Assignment
Return exactly the lines of the records below, starting at the line that contains "#352=LINE('',#351,#350);" and ending at the line that contains "#373=FACE_BOUND('',#372,.T.);", with both of those lines kept.

Records from a dataset

>>>

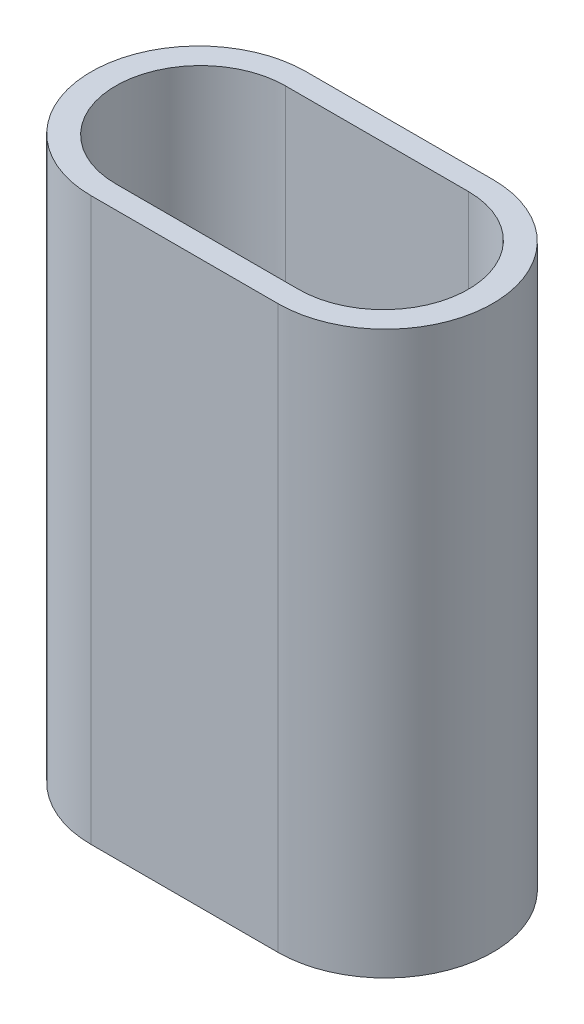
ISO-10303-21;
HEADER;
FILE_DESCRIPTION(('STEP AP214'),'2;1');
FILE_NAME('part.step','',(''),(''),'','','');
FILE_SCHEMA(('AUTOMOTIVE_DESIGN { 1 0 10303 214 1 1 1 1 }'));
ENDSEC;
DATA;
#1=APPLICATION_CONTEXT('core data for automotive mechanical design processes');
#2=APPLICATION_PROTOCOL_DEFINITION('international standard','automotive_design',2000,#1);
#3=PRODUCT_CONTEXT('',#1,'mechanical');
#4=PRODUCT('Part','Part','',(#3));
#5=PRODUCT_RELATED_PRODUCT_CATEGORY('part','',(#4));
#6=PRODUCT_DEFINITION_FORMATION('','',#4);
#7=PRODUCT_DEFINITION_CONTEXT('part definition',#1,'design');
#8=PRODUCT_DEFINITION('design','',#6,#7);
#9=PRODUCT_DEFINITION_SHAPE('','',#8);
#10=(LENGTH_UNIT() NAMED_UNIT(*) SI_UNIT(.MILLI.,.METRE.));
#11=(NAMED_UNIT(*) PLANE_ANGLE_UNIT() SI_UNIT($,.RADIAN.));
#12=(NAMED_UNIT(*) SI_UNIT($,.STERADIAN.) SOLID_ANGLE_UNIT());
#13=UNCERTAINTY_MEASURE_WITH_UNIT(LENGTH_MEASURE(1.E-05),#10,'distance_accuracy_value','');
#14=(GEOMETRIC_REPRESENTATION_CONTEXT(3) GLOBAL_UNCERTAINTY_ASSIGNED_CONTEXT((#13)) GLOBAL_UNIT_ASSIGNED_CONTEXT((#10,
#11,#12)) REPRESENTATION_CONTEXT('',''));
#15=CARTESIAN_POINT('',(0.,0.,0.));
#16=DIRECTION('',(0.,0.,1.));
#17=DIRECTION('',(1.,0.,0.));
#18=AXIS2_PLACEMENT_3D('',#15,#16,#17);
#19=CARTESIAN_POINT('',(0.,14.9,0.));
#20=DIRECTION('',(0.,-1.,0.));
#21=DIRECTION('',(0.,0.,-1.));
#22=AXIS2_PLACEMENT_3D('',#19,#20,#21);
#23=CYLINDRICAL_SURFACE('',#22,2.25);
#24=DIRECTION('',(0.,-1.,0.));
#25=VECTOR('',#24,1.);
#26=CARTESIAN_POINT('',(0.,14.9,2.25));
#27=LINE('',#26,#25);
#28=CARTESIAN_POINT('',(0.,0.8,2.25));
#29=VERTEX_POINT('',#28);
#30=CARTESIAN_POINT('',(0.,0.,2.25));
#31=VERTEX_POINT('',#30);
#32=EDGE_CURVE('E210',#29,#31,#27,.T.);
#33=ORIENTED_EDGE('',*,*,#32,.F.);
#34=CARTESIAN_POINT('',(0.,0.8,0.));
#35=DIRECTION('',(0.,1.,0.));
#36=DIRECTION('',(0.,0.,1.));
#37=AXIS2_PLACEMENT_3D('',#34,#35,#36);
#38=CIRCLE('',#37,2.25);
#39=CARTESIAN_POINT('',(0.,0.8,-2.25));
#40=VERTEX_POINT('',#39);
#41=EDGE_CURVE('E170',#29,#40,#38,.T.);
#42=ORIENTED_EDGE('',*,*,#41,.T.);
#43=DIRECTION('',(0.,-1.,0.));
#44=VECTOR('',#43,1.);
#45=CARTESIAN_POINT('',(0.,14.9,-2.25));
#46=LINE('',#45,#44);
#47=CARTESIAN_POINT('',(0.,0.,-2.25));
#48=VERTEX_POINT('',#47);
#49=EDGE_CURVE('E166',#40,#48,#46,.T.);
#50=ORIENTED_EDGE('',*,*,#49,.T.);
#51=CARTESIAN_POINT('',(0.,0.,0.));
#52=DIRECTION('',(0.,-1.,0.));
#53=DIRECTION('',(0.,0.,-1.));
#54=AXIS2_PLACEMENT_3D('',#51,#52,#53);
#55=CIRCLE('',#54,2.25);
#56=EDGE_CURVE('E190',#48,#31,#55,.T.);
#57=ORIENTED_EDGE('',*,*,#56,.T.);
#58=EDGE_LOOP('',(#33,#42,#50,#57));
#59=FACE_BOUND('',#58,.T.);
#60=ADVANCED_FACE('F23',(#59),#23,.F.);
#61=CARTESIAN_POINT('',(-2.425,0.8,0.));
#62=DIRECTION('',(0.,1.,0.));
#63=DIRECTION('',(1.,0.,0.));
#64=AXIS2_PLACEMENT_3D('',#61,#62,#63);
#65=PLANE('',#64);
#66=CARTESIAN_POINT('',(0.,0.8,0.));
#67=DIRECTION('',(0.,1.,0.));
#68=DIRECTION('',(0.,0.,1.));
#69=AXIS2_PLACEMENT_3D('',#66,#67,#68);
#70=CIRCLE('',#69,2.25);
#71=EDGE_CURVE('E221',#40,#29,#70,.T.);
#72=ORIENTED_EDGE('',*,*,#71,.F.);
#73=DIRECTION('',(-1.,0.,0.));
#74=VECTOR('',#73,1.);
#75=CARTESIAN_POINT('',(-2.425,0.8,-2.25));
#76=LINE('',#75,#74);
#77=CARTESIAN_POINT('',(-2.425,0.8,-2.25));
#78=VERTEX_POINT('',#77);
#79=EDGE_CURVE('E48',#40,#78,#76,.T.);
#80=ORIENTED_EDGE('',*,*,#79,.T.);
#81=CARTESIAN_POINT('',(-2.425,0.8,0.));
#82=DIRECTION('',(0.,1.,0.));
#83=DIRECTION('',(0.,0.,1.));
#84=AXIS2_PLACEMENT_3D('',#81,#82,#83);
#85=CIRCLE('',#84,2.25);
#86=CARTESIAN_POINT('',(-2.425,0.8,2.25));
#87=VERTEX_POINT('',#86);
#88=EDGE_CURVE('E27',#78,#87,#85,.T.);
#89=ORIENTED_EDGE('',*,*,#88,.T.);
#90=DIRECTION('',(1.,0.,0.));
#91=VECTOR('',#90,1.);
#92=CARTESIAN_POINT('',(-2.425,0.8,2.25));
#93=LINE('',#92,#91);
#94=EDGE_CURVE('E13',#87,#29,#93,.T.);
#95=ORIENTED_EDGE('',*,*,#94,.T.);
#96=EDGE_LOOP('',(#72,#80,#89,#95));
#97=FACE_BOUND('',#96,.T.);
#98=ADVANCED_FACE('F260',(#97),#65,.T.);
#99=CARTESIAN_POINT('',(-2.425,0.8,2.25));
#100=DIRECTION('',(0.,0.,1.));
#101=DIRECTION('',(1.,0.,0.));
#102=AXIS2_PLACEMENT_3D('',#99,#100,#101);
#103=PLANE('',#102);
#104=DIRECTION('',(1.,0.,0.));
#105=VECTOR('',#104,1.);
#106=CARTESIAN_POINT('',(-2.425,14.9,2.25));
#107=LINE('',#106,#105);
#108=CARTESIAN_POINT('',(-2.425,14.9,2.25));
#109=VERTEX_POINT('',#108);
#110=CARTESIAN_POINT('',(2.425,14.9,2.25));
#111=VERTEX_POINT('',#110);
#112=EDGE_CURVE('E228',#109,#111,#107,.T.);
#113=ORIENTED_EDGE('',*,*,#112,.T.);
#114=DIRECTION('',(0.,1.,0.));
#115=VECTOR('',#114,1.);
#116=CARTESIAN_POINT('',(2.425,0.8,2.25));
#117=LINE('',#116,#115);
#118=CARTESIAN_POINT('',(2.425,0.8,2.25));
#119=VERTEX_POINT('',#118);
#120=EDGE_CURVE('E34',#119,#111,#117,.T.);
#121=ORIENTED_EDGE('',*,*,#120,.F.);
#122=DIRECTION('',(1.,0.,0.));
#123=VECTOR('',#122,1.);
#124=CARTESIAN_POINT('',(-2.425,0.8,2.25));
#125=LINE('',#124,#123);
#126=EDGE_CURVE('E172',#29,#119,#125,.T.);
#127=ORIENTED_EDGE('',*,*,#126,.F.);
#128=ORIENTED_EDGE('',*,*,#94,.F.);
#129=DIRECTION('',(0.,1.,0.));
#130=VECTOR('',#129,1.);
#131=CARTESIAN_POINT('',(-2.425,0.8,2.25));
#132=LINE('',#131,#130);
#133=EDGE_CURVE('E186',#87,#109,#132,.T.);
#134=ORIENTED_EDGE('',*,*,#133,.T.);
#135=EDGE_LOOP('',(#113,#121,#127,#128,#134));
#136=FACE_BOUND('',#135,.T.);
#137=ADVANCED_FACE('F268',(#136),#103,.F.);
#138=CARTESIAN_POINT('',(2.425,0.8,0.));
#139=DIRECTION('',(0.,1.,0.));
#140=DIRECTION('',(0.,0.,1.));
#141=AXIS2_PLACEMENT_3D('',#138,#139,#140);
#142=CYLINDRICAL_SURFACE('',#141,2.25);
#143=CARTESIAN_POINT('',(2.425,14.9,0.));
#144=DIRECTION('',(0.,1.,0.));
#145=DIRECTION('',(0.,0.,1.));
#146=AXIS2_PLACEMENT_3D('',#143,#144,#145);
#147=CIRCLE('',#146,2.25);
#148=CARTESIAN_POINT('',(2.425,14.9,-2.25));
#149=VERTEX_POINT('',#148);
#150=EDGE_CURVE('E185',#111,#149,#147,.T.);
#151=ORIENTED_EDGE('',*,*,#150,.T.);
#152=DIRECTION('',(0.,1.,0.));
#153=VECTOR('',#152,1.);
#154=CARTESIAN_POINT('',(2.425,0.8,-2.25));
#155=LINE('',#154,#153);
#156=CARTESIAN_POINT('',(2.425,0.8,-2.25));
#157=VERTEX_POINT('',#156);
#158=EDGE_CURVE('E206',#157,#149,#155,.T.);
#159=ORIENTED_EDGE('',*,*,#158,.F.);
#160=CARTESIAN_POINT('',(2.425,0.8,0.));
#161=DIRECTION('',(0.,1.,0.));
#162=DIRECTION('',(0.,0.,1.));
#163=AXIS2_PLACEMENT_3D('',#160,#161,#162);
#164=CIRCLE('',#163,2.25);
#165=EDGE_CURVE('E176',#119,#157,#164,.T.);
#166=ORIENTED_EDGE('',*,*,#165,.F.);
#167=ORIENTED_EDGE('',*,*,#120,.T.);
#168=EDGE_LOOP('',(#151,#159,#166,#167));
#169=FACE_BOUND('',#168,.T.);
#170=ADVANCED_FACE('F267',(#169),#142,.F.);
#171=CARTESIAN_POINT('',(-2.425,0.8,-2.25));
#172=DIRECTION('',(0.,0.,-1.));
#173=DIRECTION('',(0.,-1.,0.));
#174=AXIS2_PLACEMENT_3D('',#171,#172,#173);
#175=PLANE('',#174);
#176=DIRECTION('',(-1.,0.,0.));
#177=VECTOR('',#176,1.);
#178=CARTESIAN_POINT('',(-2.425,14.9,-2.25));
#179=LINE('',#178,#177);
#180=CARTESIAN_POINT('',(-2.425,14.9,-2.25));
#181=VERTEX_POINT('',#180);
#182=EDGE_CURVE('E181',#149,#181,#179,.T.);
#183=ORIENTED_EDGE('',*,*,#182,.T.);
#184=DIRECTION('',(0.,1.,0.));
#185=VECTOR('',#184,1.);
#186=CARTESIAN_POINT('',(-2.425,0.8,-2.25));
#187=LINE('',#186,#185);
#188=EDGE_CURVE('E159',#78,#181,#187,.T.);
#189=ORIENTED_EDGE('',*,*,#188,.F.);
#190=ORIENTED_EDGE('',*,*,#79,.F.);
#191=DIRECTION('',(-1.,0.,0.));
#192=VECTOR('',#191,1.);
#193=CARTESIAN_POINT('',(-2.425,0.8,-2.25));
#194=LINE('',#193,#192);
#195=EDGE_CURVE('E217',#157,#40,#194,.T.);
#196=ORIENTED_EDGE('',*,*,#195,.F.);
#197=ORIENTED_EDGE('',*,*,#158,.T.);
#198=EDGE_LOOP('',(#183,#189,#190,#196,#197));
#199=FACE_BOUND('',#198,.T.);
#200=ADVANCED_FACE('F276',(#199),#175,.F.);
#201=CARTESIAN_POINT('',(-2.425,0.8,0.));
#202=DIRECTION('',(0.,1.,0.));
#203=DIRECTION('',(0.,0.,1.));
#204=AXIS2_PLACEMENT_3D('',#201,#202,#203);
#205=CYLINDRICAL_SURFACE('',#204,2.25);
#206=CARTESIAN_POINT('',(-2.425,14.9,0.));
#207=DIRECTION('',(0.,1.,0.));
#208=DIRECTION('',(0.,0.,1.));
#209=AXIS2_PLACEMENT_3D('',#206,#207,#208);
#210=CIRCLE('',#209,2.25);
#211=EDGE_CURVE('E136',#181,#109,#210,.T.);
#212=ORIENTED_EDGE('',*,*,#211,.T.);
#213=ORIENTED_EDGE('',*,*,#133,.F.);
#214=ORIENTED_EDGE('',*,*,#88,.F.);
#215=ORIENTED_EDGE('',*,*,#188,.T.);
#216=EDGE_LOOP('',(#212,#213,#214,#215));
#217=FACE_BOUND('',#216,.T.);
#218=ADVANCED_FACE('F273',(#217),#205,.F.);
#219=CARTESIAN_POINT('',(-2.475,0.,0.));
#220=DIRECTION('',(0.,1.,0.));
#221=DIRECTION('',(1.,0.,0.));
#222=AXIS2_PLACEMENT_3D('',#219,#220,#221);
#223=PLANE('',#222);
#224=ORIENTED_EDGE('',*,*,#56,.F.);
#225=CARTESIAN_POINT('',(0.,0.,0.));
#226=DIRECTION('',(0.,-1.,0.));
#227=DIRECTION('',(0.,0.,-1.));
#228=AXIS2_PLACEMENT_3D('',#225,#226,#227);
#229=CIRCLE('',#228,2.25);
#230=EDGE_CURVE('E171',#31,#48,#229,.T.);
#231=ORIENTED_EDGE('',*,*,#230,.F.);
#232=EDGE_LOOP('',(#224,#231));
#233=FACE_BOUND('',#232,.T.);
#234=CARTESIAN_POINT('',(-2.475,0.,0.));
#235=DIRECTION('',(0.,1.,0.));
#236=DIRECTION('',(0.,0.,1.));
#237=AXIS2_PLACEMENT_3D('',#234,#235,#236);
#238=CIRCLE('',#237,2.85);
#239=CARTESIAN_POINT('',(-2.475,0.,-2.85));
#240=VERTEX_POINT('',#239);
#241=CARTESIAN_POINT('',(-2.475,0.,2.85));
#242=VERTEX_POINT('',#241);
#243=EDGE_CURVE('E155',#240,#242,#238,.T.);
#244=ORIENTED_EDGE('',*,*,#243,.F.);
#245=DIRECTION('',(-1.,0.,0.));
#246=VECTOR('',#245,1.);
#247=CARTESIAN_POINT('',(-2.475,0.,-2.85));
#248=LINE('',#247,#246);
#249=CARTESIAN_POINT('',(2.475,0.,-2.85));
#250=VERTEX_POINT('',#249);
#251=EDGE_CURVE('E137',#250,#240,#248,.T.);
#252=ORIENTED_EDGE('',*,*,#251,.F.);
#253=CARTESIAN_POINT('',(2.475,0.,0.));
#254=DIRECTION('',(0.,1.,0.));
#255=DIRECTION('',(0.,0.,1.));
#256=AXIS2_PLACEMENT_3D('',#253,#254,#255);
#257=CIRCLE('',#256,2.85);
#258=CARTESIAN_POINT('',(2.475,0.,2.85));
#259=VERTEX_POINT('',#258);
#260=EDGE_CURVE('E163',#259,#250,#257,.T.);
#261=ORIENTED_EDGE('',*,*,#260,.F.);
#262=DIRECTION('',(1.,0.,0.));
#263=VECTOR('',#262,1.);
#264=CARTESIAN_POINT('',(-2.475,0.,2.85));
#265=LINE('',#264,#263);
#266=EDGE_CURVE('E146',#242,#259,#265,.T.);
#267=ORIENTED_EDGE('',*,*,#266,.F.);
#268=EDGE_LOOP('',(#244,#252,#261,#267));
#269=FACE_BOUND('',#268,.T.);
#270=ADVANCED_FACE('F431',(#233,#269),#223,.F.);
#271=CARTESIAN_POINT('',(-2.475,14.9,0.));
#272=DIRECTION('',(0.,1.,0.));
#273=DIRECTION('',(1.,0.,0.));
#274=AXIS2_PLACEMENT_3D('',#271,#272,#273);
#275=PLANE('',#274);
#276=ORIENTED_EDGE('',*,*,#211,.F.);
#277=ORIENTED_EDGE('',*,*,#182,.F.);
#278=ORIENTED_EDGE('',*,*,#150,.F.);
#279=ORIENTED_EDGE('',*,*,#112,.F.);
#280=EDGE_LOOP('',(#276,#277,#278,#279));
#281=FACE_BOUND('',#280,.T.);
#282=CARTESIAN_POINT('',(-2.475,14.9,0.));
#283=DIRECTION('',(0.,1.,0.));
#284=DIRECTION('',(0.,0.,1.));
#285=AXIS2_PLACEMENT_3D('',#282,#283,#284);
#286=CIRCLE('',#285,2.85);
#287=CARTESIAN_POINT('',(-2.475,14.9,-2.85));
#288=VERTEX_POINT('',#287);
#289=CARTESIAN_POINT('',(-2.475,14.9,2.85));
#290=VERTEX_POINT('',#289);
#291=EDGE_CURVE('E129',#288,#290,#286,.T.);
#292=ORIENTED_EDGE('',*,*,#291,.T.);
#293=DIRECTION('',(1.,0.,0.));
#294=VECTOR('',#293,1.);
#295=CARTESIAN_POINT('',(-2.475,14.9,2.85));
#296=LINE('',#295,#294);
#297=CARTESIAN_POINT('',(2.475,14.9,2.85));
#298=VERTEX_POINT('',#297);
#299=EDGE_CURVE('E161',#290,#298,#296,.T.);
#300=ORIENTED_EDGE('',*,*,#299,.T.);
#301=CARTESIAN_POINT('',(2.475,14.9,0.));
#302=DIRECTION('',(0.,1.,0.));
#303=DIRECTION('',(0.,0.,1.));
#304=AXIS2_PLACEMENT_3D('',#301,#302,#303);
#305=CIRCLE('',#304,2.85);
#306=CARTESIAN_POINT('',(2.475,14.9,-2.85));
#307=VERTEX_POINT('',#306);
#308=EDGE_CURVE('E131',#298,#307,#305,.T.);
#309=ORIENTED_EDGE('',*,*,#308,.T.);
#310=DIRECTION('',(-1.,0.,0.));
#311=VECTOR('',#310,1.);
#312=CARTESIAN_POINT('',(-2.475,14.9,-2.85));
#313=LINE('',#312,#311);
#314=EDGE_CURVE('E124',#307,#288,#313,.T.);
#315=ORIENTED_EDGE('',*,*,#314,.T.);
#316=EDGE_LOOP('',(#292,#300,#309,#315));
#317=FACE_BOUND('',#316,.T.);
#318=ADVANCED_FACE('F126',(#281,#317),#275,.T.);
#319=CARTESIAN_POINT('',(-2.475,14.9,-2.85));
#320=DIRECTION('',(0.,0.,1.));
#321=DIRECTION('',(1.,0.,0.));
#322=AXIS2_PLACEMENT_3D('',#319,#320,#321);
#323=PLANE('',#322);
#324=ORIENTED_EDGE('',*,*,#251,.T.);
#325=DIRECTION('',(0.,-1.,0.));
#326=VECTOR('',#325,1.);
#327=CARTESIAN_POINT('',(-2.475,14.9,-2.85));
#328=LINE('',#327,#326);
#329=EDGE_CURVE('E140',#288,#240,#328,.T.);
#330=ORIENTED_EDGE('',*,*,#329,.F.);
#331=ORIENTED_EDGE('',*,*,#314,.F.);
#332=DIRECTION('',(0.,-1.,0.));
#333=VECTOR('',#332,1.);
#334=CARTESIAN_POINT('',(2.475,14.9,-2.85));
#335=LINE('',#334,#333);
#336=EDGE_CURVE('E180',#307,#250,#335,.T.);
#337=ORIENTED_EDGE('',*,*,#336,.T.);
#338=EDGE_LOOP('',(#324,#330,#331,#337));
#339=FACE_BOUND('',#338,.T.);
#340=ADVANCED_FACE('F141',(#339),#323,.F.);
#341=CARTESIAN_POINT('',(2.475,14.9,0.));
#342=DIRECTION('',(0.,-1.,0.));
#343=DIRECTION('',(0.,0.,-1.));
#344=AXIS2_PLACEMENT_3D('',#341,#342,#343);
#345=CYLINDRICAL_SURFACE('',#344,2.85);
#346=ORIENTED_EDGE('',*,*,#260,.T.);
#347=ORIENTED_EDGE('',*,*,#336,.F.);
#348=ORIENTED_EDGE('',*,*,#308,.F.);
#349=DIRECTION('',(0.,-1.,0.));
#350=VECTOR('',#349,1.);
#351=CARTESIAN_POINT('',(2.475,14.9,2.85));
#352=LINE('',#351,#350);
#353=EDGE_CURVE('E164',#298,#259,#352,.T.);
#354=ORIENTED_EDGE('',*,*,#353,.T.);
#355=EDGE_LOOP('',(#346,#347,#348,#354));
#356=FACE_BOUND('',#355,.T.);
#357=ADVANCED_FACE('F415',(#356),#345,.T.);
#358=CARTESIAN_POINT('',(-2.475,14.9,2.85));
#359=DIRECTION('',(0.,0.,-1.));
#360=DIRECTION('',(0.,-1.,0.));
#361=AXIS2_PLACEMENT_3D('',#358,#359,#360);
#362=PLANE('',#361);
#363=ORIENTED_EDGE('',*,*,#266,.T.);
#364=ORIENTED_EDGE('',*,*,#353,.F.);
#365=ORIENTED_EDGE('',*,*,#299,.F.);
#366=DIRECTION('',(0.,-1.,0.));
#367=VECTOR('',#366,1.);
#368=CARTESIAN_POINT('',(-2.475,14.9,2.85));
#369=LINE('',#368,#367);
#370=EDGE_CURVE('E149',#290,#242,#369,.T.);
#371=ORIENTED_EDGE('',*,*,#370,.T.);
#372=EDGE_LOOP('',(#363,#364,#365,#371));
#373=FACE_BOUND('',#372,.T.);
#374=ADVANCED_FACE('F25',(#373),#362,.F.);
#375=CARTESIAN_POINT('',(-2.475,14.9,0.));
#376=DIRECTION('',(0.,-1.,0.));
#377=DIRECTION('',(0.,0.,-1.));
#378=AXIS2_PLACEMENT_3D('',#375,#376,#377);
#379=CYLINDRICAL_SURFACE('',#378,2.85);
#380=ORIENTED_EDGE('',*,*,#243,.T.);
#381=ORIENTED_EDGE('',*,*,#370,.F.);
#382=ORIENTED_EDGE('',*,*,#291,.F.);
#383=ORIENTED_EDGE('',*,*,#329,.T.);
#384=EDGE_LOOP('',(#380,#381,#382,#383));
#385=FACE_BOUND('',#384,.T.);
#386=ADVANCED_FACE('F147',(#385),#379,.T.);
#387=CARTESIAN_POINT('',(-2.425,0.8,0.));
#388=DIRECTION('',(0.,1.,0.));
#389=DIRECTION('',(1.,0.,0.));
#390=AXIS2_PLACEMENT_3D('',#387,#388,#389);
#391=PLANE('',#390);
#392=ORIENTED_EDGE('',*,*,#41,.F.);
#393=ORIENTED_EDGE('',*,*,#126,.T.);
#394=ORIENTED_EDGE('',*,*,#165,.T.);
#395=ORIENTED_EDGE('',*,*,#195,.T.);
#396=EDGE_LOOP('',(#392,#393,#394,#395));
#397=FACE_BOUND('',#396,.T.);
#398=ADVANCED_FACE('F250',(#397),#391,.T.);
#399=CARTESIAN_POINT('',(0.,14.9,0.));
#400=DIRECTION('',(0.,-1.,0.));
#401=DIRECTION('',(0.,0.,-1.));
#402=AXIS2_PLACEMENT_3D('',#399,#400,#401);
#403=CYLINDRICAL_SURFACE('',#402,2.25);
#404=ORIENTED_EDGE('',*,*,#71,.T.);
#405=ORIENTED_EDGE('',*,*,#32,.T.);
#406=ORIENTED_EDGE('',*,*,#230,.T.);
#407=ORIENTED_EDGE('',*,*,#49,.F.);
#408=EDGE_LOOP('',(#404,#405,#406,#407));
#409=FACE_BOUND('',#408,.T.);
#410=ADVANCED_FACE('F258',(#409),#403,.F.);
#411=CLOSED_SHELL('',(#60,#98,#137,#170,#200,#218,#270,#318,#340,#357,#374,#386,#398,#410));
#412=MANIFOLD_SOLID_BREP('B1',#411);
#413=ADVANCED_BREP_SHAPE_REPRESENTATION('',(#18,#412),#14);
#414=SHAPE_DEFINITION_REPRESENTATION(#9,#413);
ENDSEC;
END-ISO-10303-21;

<<<

Answer to the problem
#352=LINE('',#351,#350);
#353=EDGE_CURVE('E164',#298,#259,#352,.T.);
#354=ORIENTED_EDGE('',*,*,#353,.T.);
#355=EDGE_LOOP('',(#346,#347,#348,#354));
#356=FACE_BOUND('',#355,.T.);
#357=ADVANCED_FACE('F415',(#356),#345,.T.);
#358=CARTESIAN_POINT('',(-2.475,14.9,2.85));
#359=DIRECTION('',(0.,0.,-1.));
#360=DIRECTION('',(0.,-1.,0.));
#361=AXIS2_PLACEMENT_3D('',#358,#359,#360);
#362=PLANE('',#361);
#363=ORIENTED_EDGE('',*,*,#266,.T.);
#364=ORIENTED_EDGE('',*,*,#353,.F.);
#365=ORIENTED_EDGE('',*,*,#299,.F.);
#366=DIRECTION('',(0.,-1.,0.));
#367=VECTOR('',#366,1.);
#368=CARTESIAN_POINT('',(-2.475,14.9,2.85));
#369=LINE('',#368,#367);
#370=EDGE_CURVE('E149',#290,#242,#369,.T.);
#371=ORIENTED_EDGE('',*,*,#370,.T.);
#372=EDGE_LOOP('',(#363,#364,#365,#371));
#373=FACE_BOUND('',#372,.T.);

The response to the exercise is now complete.